I have never worked in a consumer product industry (unless you count nine months in a chewing gum factory) but I was involved in "bean counting" for a machine tool company for thirty-nine years. When I started, in 1966, the company was transitioning from hand operated and small hydraulic sheet metal equipment to numerically controlled sheet and plate fabricating. For the entire time I was there, I was involved in cost accounting for machines up to a million dollars. In 1968, we started a beam punching line, that developed into a large handling system, with punches, cold saws, and fit up stations. Some of these were as much as several hundred feet of conveyors, saws, loaders, and unloader/rackers. If you were in the beam and angle business, you pretty much bought our equipment or were getting along on the ornamental iron business, When that line faded out, we were ready with computer operated punch/plasma machines, that were extremely productive. The last thirty-five years I was there, we never had a losing year, and some years were unbelievably profitable.
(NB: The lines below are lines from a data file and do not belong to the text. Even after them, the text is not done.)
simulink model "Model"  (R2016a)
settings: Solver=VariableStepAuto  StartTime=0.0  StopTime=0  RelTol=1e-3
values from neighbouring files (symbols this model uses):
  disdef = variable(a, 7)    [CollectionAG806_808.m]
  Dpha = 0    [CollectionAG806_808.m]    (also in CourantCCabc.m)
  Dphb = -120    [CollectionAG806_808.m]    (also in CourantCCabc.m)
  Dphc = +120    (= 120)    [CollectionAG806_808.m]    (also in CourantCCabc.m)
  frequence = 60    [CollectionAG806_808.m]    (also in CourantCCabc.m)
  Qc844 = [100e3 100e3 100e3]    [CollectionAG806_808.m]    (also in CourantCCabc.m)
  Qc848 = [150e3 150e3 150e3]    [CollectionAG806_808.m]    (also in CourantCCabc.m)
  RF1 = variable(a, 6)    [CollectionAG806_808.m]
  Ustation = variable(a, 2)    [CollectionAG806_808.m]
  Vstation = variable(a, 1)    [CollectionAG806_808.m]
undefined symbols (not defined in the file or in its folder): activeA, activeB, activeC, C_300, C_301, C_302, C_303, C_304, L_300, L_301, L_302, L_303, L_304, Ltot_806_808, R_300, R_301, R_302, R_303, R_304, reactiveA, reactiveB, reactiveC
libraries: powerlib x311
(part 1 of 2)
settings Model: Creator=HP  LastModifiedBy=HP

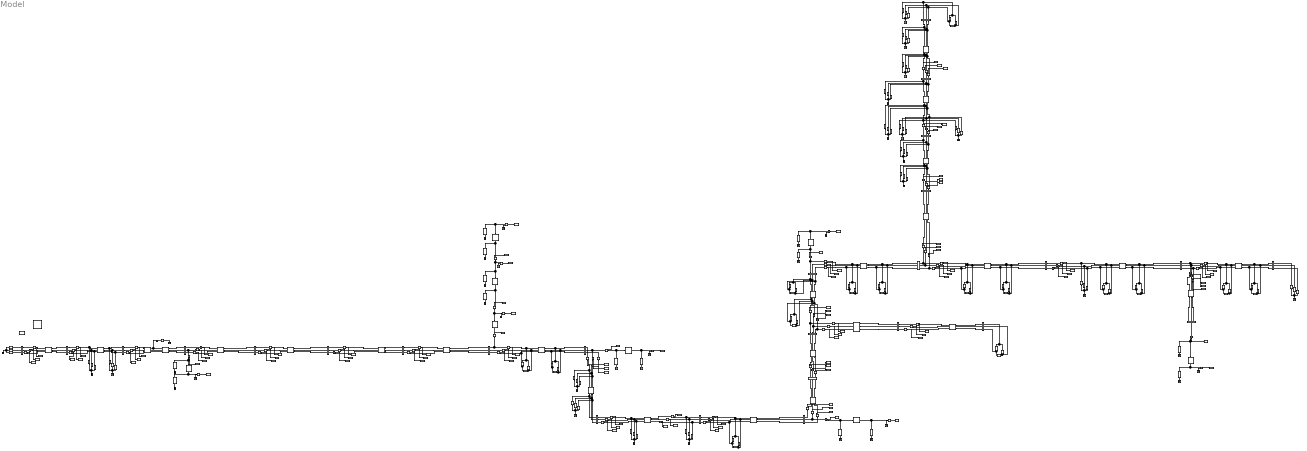
== system Model ==
  "800 " : powerlib/Measurements/Three-Phase V-I Measurement  VoltageMeasurement=phase-to-ground  SetLabelV=on  LabelV=V800  Vpu=off  VpuLL=off  CurrentMeasurement=no  SetLabelI=on  LabelI=I800_802  Ipu=off  Pbase=100e6  Vbase=500e3  OutputType=Complex  PhasorSimulation=on  PSBequivalent=0
  "802 " : powerlib/Measurements/Three-Phase V-I Measurement  VoltageMeasurement=phase-to-ground  SetLabelV=on  LabelV=V802  Vpu=off  VpuLL=off  CurrentMeasurement=no  SetLabelI=on  LabelI=I802_806  Ipu=off  Pbase=100e6  Vbase=500e3  OutputType=Complex  PhasorSimulation=on  PSBequivalent=0
  806 : powerlib/Measurements/Three-Phase V-I Measurement  VoltageMeasurement=phase-to-ground  SetLabelV=on  LabelV=V806  Vpu=off  VpuLL=off  CurrentMeasurement=no  SetLabelI=on  LabelI=I806_808  Ipu=off  Pbase=100e6  Vbase=500e3  OutputType=Complex  PhasorSimulation=on  PSBequivalent=0
  808 : powerlib/Measurements/Three-Phase V-I Measurement  VoltageMeasurement=phase-to-ground  SetLabelV=on  LabelV=V808  Vpu=off  VpuLL=off  CurrentMeasurement=no  SetLabelI=on  LabelI=I808_810_812  Ipu=off  Pbase=100e6  Vbase=500e3  OutputType=Complex  PhasorSimulation=on  PSBequivalent=0
  812 : powerlib/Measurements/Three-Phase V-I Measurement  VoltageMeasurement=phase-to-ground  SetLabelV=on  LabelV=V812  Vpu=off  VpuLL=off  CurrentMeasurement=no  SetLabelI=on  LabelI=I812_814  Ipu=off  Pbase=100e6  Vbase=500e3  OutputType=Complex  PhasorSimulation=on  PSBequivalent=0
  814 : powerlib/Measurements/Three-Phase V-I Measurement  VoltageMeasurement=phase-to-ground  SetLabelV=on  LabelV=V814  Vpu=off  VpuLL=off  CurrentMeasurement=no  SetLabelI=on  LabelI=I814_850  Ipu=off  Pbase=100e6  Vbase=500e3  OutputType=Complex  PhasorSimulation=on  PSBequivalent=0
  816 : powerlib/Measurements/Three-Phase V-I Measurement  VoltageMeasurement=phase-to-ground  SetLabelV=on  LabelV=V816  Vpu=off  VpuLL=off  CurrentMeasurement=no  SetLabelI=on  LabelI=I816_818_824  Ipu=off  Pbase=100e6  Vbase=500e3  OutputType=Complex  PhasorSimulation=on  PSBequivalent=0
  824 : powerlib/Measurements/Three-Phase V-I Measurement  VoltageMeasurement=phase-to-ground  SetLabelV=on  LabelV=V824  Vpu=off  VpuLL=off  CurrentMeasurement=no  SetLabelI=on  LabelI=I824_826_828  Ipu=off  Pbase=100e6  Vbase=500e3  OutputType=Complex  PhasorSimulation=on  PSBequivalent=0
  828 : powerlib/Measurements/Three-Phase V-I Measurement  VoltageMeasurement=phase-to-ground  SetLabelV=on  LabelV=V828  Vpu=off  VpuLL=off  CurrentMeasurement=no  SetLabelI=on  LabelI=I828_830  Ipu=off  Pbase=100e6  Vbase=500e3  OutputType=Complex  PhasorSimulation=on  PSBequivalent=0
  830 : powerlib/Measurements/Three-Phase V-I Measurement  VoltageMeasurement=phase-to-ground  SetLabelV=on  LabelV=V830  Vpu=off  VpuLL=off  CurrentMeasurement=no  SetLabelI=on  LabelI=I830_854  Ipu=off  Pbase=100e6  Vbase=500e3  OutputType=Complex  PhasorSimulation=on  PSBequivalent=0
  832 : powerlib/Measurements/Three-Phase V-I Measurement  VoltageMeasurement=phase-to-ground  SetLabelV=on  LabelV=V832  Vpu=off  VpuLL=off  CurrentMeasurement=no  SetLabelI=on  LabelI=I832_858_888  Ipu=off  Pbase=100e6  Vbase=500e3  OutputType=Complex  PhasorSimulation=on  PSBequivalent=0
  834 : powerlib/Measurements/Three-Phase V-I Measurement  VoltageMeasurement=phase-to-ground  SetLabelV=on  LabelV=V834  Vpu=off  VpuLL=off  CurrentMeasurement=no  SetLabelI=off  LabelI=I834_842_860  Ipu=off  Pbase=100e6  Vbase=500e3  OutputType=Complex  PhasorSimulation=on  PSBequivalent=0
  836 : powerlib/Measurements/Three-Phase V-I Measurement  VoltageMeasurement=phase-to-ground  SetLabelV=on  LabelV=V836  Vpu=off  VpuLL=off  CurrentMeasurement=no  SetLabelI=off  LabelI=Iabc  Ipu=off  Pbase=100e6  Vbase=500e3  OutputType=Complex  PhasorSimulation=on  PSBequivalent=0
  840 : powerlib/Measurements/Three-Phase V-I Measurement  VoltageMeasurement=phase-to-ground  SetLabelV=on  LabelV=V840  Vpu=off  VpuLL=off  CurrentMeasurement=no  SetLabelI=on  LabelI=Iabc  Ipu=off  Pbase=100e6  Vbase=500e3  OutputType=Complex  PhasorSimulation=on  PSBequivalent=0
  842 : powerlib/Measurements/Three-Phase V-I Measurement  VoltageMeasurement=phase-to-ground  SetLabelV=on  LabelV=V842  Vpu=off  VpuLL=off  CurrentMeasurement=no  SetLabelI=on  LabelI=I842_844  Ipu=off  Pbase=100e6  Vbase=500e3  OutputType=Complex  PhasorSimulation=on  PSBequivalent=0
  844 : powerlib/Measurements/Three-Phase V-I Measurement  VoltageMeasurement=phase-to-ground  SetLabelV=on  LabelV=V844  Vpu=off  VpuLL=off  CurrentMeasurement=no  SetLabelI=on  LabelI=I844_846  Ipu=off  Pbase=100e6  Vbase=500e3  OutputType=Complex  PhasorSimulation=on  PSBequivalent=0
  846 : powerlib/Measurements/Three-Phase V-I Measurement  VoltageMeasurement=phase-to-ground  SetLabelV=on  LabelV=V846  Vpu=off  VpuLL=off  CurrentMeasurement=no  SetLabelI=on  LabelI=I846_848  Ipu=off  Pbase=100e6  Vbase=500e3  OutputType=Complex  PhasorSimulation=on  PSBequivalent=0
  848 : powerlib/Measurements/Three-Phase V-I Measurement  VoltageMeasurement=phase-to-ground  SetLabelV=on  LabelV=V848  Vpu=off  VpuLL=off  CurrentMeasurement=no  SetLabelI=on  LabelI=I846_848  Ipu=off  Pbase=100e6  Vbase=500e3  OutputType=Complex  PhasorSimulation=on  PSBequivalent=0
  850 : powerlib/Measurements/Three-Phase V-I Measurement  VoltageMeasurement=phase-to-ground  SetLabelV=on  LabelV=V850  Vpu=off  VpuLL=off  CurrentMeasurement=no  SetLabelI=on  LabelI=I850_816  Ipu=off  Pbase=100e6  Vbase=500e3  OutputType=Complex  PhasorSimulation=on  PSBequivalent=0
  852 : powerlib/Measurements/Three-Phase V-I Measurement  VoltageMeasurement=phase-to-ground  SetLabelV=on  LabelV=V852  Vpu=off  VpuLL=off  CurrentMeasurement=no  SetLabelI=on  LabelI=I852_832  Ipu=off  Pbase=100e6  Vbase=500e3  OutputType=Complex  PhasorSimulation=on  PSBequivalent=0
  854 : powerlib/Measurements/Three-Phase V-I Measurement  VoltageMeasurement=phase-to-ground  SetLabelV=on  LabelV=V854  Vpu=off  VpuLL=off  CurrentMeasurement=no  SetLabelI=on  LabelI=I854_852_856  Ipu=off  Pbase=100e6  Vbase=500e3  OutputType=Complex  PhasorSimulation=on  PSBequivalent=0
  858 : powerlib/Measurements/Three-Phase V-I Measurement  VoltageMeasurement=phase-to-ground  SetLabelV=on  LabelV=V858  Vpu=off  VpuLL=off  CurrentMeasurement=no  SetLabelI=on  LabelI=I858_834_864  Ipu=off  Pbase=100e6  Vbase=500e3  OutputType=Complex  PhasorSimulation=on  PSBequivalent=0
  860 : powerlib/Measurements/Three-Phase V-I Measurement  VoltageMeasurement=phase-to-ground  SetLabelV=on  LabelV=V860  Vpu=off  VpuLL=off  CurrentMeasurement=no  SetLabelI=on  LabelI=I860_836  Ipu=off  Pbase=100e6  Vbase=500e3  OutputType=Complex  PhasorSimulation=on  PSBequivalent=0
  862 : powerlib/Measurements/Three-Phase V-I Measurement  VoltageMeasurement=phase-to-ground  SetLabelV=on  LabelV=V862  Vpu=off  VpuLL=off  CurrentMeasurement=no  SetLabelI=on  LabelI=Iabc  Ipu=off  Pbase=100e6  Vbase=500e3  OutputType=Complex  PhasorSimulation=on  PSBequivalent=0
  888 : powerlib/Measurements/Three-Phase V-I Measurement  VoltageMeasurement=phase-to-ground  SetLabelV=on  LabelV=V888  Vpu=off  VpuLL=off  CurrentMeasurement=no  SetLabelI=on  LabelI=I888_890  Ipu=off  Pbase=100e6  Vbase=500e3  OutputType=Complex  PhasorSimulation=on  PSBequivalent=0
  890 : powerlib/Measurements/Three-Phase V-I Measurement  VoltageMeasurement=phase-to-ground  SetLabelV=on  LabelV=V890  Vpu=off  VpuLL=off  CurrentMeasurement=no  SetLabelI=on  LabelI=I888_890  Ipu=off  Pbase=100e6  Vbase=500e3  OutputType=Complex  PhasorSimulation=on  PSBequivalent=0
  Breaker : powerlib/Elements/Breaker  InitialState=0  SwitchingTimes=0  External=off  BreakerResistance=0.01  SnubberResistance=1e6  SnubberCapacitance=inf  Measurements=None  MoreParameters=on  NoBreakLoop=off
  Ground{,1..40} (41 alike) : powerlib/Elements/Ground  LConnTagsString=a
  Ia800_802 : powerlib/Measurements/Current Measurement  PhasorSimulation=on  OutputType=Complex  PSBequivalent=0
  Ia802_806 : powerlib/Measurements/Current Measurement  PhasorSimulation=on  OutputType=Complex  PSBequivalent=0
  Ia806_808 : powerlib/Measurements/Current Measurement  PhasorSimulation=on  OutputType=Complex  PSBequivalent=0
  Ia808_812 : powerlib/Measurements/Current Measurement  PhasorSimulation=on  OutputType=Complex  PSBequivalent=0
  Ia812_814 : powerlib/Measurements/Current Measurement  PhasorSimulation=on  OutputType=Complex  PSBequivalent=0
  Ia814_850 : powerlib/Measurements/Current Measurement  PhasorSimulation=on  OutputType=Complex  PSBequivalent=0
  Ia816_818 : powerlib/Measurements/Current Measurement  PhasorSimulation=on  OutputType=Complex  PSBequivalent=0
  Ia816_824 : powerlib/Measurements/Current Measurement  PhasorSimulation=on  OutputType=Complex  PSBequivalent=0
  Ia818_820 : powerlib/Measurements/Current Measurement  PhasorSimulation=on  OutputType=Complex  PSBequivalent=0
  Ia820_822 : powerlib/Measurements/Current Measurement  PhasorSimulation=on  OutputType=Complex  PSBequivalent=0
  Ia824_828 : powerlib/Measurements/Current Measurement  PhasorSimulation=on  OutputType=Complex  PSBequivalent=0
  Ia828_830 : powerlib/Measurements/Current Measurement  PhasorSimulation=on  OutputType=Complex  PSBequivalent=0
  Ia830_1 : powerlib/Measurements/Current Measurement  PhasorSimulation=on  OutputType=Complex  PSBequivalent=0
  Ia830_854 : powerlib/Measurements/Current Measurement  PhasorSimulation=on  OutputType=Complex  PSBequivalent=0
  Ia832_858 : powerlib/Measurements/Current Measurement  PhasorSimulation=on  OutputType=Complex  PSBequivalent=0
  Ia832_888 : powerlib/Measurements/Current Measurement  PhasorSimulation=on  OutputType=Complex  PSBequivalent=0
  Ia834_842 : powerlib/Measurements/Current Measurement  PhasorSimulation=on  OutputType=Complex  PSBequivalent=0
  Ia834_860 : powerlib/Measurements/Current Measurement  PhasorSimulation=on  OutputType=Complex  PSBequivalent=0
  Ia836_840 : powerlib/Measurements/Current Measurement  PhasorSimulation=on  OutputType=Complex  PSBequivalent=0
  Ia836_862 : powerlib/Measurements/Current Measurement  PhasorSimulation=on  OutputType=Complex  PSBequivalent=0
  Ia842_844 : powerlib/Measurements/Current Measurement  PhasorSimulation=on  OutputType=Complex  PSBequivalent=0
  Ia844_846 : powerlib/Measurements/Current Measurement  PhasorSimulation=on  OutputType=Complex  PSBequivalent=0
  Ia846_848 : powerlib/Measurements/Current Measurement  PhasorSimulation=on  OutputType=Complex  PSBequivalent=0
  Ia850_816 : powerlib/Measurements/Current Measurement  PhasorSimulation=on  OutputType=Complex  PSBequivalent=0
  Ia852_832 : powerlib/Measurements/Current Measurement  PhasorSimulation=on  OutputType=Complex  PSBequivalent=0
  Ia854_852 : powerlib/Measurements/Current Measurement  PhasorSimulation=on  OutputType=Complex  PSBequivalent=0
  Ia858_834 : powerlib/Measurements/Current Measurement  PhasorSimulation=on  OutputType=Complex  PSBequivalent=0
  Ia858_864 : powerlib/Measurements/Current Measurement  PhasorSimulation=on  OutputType=Complex  PSBequivalent=0
  Ia860_836 : powerlib/Measurements/Current Measurement  PhasorSimulation=on  OutputType=Complex  PSBequivalent=0
  Ia888_890 : powerlib/Measurements/Current Measurement  PhasorSimulation=on  OutputType=Complex  PSBequivalent=0
  Ib800_802 : powerlib/Measurements/Current Measurement  PhasorSimulation=on  OutputType=Complex  PSBequivalent=0
  Ib802_806 : powerlib/Measurements/Current Measurement  PhasorSimulation=on  OutputType=Complex  PSBequivalent=0
  Ib806_808 : powerlib/Measurements/Current Measurement  PhasorSimulation=on  OutputType=Complex  PSBequivalent=0
  Ib808_810 : powerlib/Measurements/Current Measurement  PhasorSimulation=on  OutputType=Complex  PSBequivalent=0
  Ib808_812 : powerlib/Measurements/Current Measurement  PhasorSimulation=on  OutputType=Complex  PSBequivalent=0
  Ib812_814 : powerlib/Measurements/Current Measurement  PhasorSimulation=on  OutputType=Complex  PSBequivalent=0
  Ib814_850 : powerlib/Measurements/Current Measurement  PhasorSimulation=on  OutputType=Complex  PSBequivalent=0
  Ib816_824 : powerlib/Measurements/Current Measurement  PhasorSimulation=on  OutputType=Complex  PSBequivalent=0
  Ib824_826 : powerlib/Measurements/Current Measurement  PhasorSimulation=on  OutputType=Complex  PSBequivalent=0
  Ib824_828 : powerlib/Measurements/Current Measurement  PhasorSimulation=on  OutputType=Complex  PSBequivalent=0
  Ib828_830 : powerlib/Measurements/Current Measurement  PhasorSimulation=on  OutputType=Complex  PSBequivalent=0
  Ib830_1 : powerlib/Measurements/Current Measurement  PhasorSimulation=on  OutputType=Complex  PSBequivalent=0
  Ib830_854 : powerlib/Measurements/Current Measurement  PhasorSimulation=on  OutputType=Complex  PSBequivalent=0
  Ib832_858 : powerlib/Measurements/Current Measurement  PhasorSimulation=on  OutputType=Complex  PSBequivalent=0
  Ib832_888 : powerlib/Measurements/Current Measurement  PhasorSimulation=on  OutputType=Complex  PSBequivalent=0
  Ib834_842 : powerlib/Measurements/Current Measurement  PhasorSimulation=on  OutputType=Complex  PSBequivalent=0
  Ib834_860 : powerlib/Measurements/Current Measurement  PhasorSimulation=on  OutputType=Complex  PSBequivalent=0
  Ib836_840 : powerlib/Measurements/Current Measurement  PhasorSimulation=on  OutputType=Complex  PSBequivalent=0
  Ib836_862 : powerlib/Measurements/Current Measurement  PhasorSimulation=on  OutputType=Complex  PSBequivalent=0
  Ib842_844 : powerlib/Measurements/Current Measurement  PhasorSimulation=on  OutputType=Complex  PSBequivalent=0
  Ib846_846 : powerlib/Measurements/Current Measurement  PhasorSimulation=on  OutputType=Complex  PSBequivalent=0
  Ib846_848 : powerlib/Measurements/Current Measurement  PhasorSimulation=on  OutputType=Complex  PSBequivalent=0
  Ib850_816 : powerlib/Measurements/Current Measurement  PhasorSimulation=on  OutputType=Complex  PSBequivalent=0
  Ib852_832 : powerlib/Measurements/Current Measurement  PhasorSimulation=on  OutputType=Complex  PSBequivalent=0
  Ib854_852 : powerlib/Measurements/Current Measurement  PhasorSimulation=on  OutputType=Complex  PSBequivalent=0
  Ib854_856 : powerlib/Measurements/Current Measurement  PhasorSimulation=on  OutputType=Complex  PSBequivalent=0
  Ib858_834 : powerlib/Measurements/Current Measurement  PhasorSimulation=on  OutputType=Complex  PSBequivalent=0
  Ib860_836 : powerlib/Measurements/Current Measurement  PhasorSimulation=on  OutputType=Complex  PSBequivalent=0
  Ib862_838 : powerlib/Measurements/Current Measurement  PhasorSimulation=on  OutputType=Complex  PSBequivalent=0
  Ib888_890 : powerlib/Measurements/Current Measurement  PhasorSimulation=on  OutputType=Complex  PSBequivalent=0
  Ic800_802 : powerlib/Measurements/Current Measurement  PhasorSimulation=on  OutputType=Complex  PSBequivalent=0
  Ic802_806 : powerlib/Measurements/Current Measurement  PhasorSimulation=on  OutputType=Complex  PSBequivalent=0
  Ic806_808 : powerlib/Measurements/Current Measurement  PhasorSimulation=on  OutputType=Complex  PSBequivalent=0
  Ic808_812 : powerlib/Measurements/Current Measurement  PhasorSimulation=on  OutputType=Complex  PSBequivalent=0
  Ic812_814 : powerlib/Measurements/Current Measurement  PhasorSimulation=on  OutputType=Complex  PSBequivalent=0
  Ic814_850 : powerlib/Measurements/Current Measurement  PhasorSimulation=on  OutputType=Complex  PSBequivalent=0
  Ic816_824 : powerlib/Measurements/Current Measurement  PhasorSimulation=on  OutputType=Complex  PSBequivalent=0
  Ic824_828 : powerlib/Measurements/Current Measurement  PhasorSimulation=on  OutputType=Complex  PSBequivalent=0
  Ic828_830 : powerlib/Measurements/Current Measurement  PhasorSimulation=on  OutputType=Complex  PSBequivalent=0
  Ic830_1 : powerlib/Measurements/Current Measurement  PhasorSimulation=on  OutputType=Complex  PSBequivalent=0
  Ic830_854 : powerlib/Measurements/Current Measurement  PhasorSimulation=on  OutputType=Complex  PSBequivalent=0
  Ic832_858 : powerlib/Measurements/Current Measurement  PhasorSimulation=on  OutputType=Complex  PSBequivalent=0
  Ic832_888 : powerlib/Measurements/Current Measurement  PhasorSimulation=on  OutputType=Complex  PSBequivalent=0
  Ic834_842 : powerlib/Measurements/Current Measurement  PhasorSimulation=on  OutputType=Complex  PSBequivalent=0
  Ic834_860 : powerlib/Measurements/Current Measurement  PhasorSimulation=on  OutputType=Complex  PSBequivalent=0
  Ic836_840 : powerlib/Measurements/Current Measurement  PhasorSimulation=on  OutputType=Complex  PSBequivalent=0
  Ic836_862 : powerlib/Measurements/Current Measurement  PhasorSimulation=on  OutputType=Complex  PSBequivalent=0
  Ic842_844 : powerlib/Measurements/Current Measurement  PhasorSimulation=on  OutputType=Complex  PSBequivalent=0
  Ic844_846 : powerlib/Measurements/Current Measurement  PhasorSimulation=on  OutputType=Complex  PSBequivalent=0
  Ic846_848 : powerlib/Measurements/Current Measurement  PhasorSimulation=on  OutputType=Complex  PSBequivalent=0
  Ic850_816 : powerlib/Measurements/Current Measurement  PhasorSimulation=on  OutputType=Complex  PSBequivalent=0
  Ic852_832 : powerlib/Measurements/Current Measurement  PhasorSimulation=on  OutputType=Complex  PSBequivalent=0
  "Ic854_852 " : powerlib/Measurements/Current Measurement  PhasorSimulation=on  OutputType=Complex  PSBequivalent=0
  Ic858_834 : powerlib/Measurements/Current Measurement  PhasorSimulation=on  OutputType=Complex  PSBequivalent=0
  Ic860_836 : powerlib/Measurements/Current Measurement  PhasorSimulation=on  OutputType=Complex  PSBequivalent=0
  Ic888_890 : powerlib/Measurements/Current Measurement  PhasorSimulation=on  OutputType=Complex  PSBequivalent=0
  RF1 : powerlib/Elements/Series RLC Branch  LConnTagsString=__new0  RConnTagsString=__new0  BranchType=R  Resistance=RF1  Inductance=1e-3  SetiL0=off  InitialCurrent=0  Capacitance=1e-6  Setx0=off  InitialVoltage=0  Measurements=None
  To Workspace : ToWorkspace  VariableName=Ia800_802  SampleTime=-1
      settings: Save2DSignal=2-D array (concatenate along first dimension)
  To Workspace1 : ToWorkspace  VariableName=Ib800_802  SampleTime=-1
      settings: Save2DSignal=2-D array (concatenate along first dimension)
  To Workspace10 : ToWorkspace  VariableName=Ib808_812  SampleTime=-1
      settings: Save2DSignal=2-D array (concatenate along first dimension)
  To Workspace11 : ToWorkspace  VariableName=Ic808_812  SampleTime=-1
      settings: Save2DSignal=2-D array (concatenate along first dimension)
  To Workspace12 : ToWorkspace  VariableName=Ib808_810  SampleTime=-1
      settings: Save2DSignal=2-D array (concatenate along first dimension)
  To Workspace13 : ToWorkspace  VariableName=Ib812_814  SampleTime=-1
      settings: Save2DSignal=2-D array (concatenate along first dimension)
  To Workspace14 : ToWorkspace  VariableName=Ic812_814  SampleTime=-1
      settings: Save2DSignal=2-D array (concatenate along first dimension)
  To Workspace15 : ToWorkspace  VariableName=Ia812_814  SampleTime=-1
      settings: Save2DSignal=2-D array (concatenate along first dimension)
  To Workspace16 : ToWorkspace  VariableName=Ib814_850  SampleTime=-1
      settings: Save2DSignal=2-D array (concatenate along first dimension)
  To Workspace17 : ToWorkspace  VariableName=Ic814_850  SampleTime=-1
      settings: Save2DSignal=2-D array (concatenate along first dimension)
  To Workspace18 : ToWorkspace  VariableName=Ia814_850  SampleTime=-1
      settings: Save2DSignal=2-D array (concatenate along first dimension)
  To Workspace19 : ToWorkspace  VariableName=Ib850_816  SampleTime=-1
      settings: Save2DSignal=2-D array (concatenate along first dimension)
  To Workspace2 : ToWorkspace  VariableName=Ic800_802  SampleTime=-1
      settings: Save2DSignal=2-D array (concatenate along first dimension)
  To Workspace20 : ToWorkspace  VariableName=Ic850_816  SampleTime=-1
      settings: Save2DSignal=2-D array (concatenate along first dimension)
  To Workspace21 : ToWorkspace  VariableName=Ia850_816  SampleTime=-1
      settings: Save2DSignal=2-D array (concatenate along first dimension)
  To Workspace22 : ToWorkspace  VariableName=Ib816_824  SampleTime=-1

The reason for the company's success was to always have a new product that made the customer a lot of money. You have to provide a satisfactory product, at a price that makes sense to the customer. Firearms manufacturers are like any other business; they cannot price themselves above what the market will bear. Aesthetics, utility, and price are not always compatible.

By the way, all us bean counters, retired or active, resent that appellation, and due to our profession, we have wide acquaintance within the IRS. Refer to us as bean counters once too often, and we will drop a dime on you!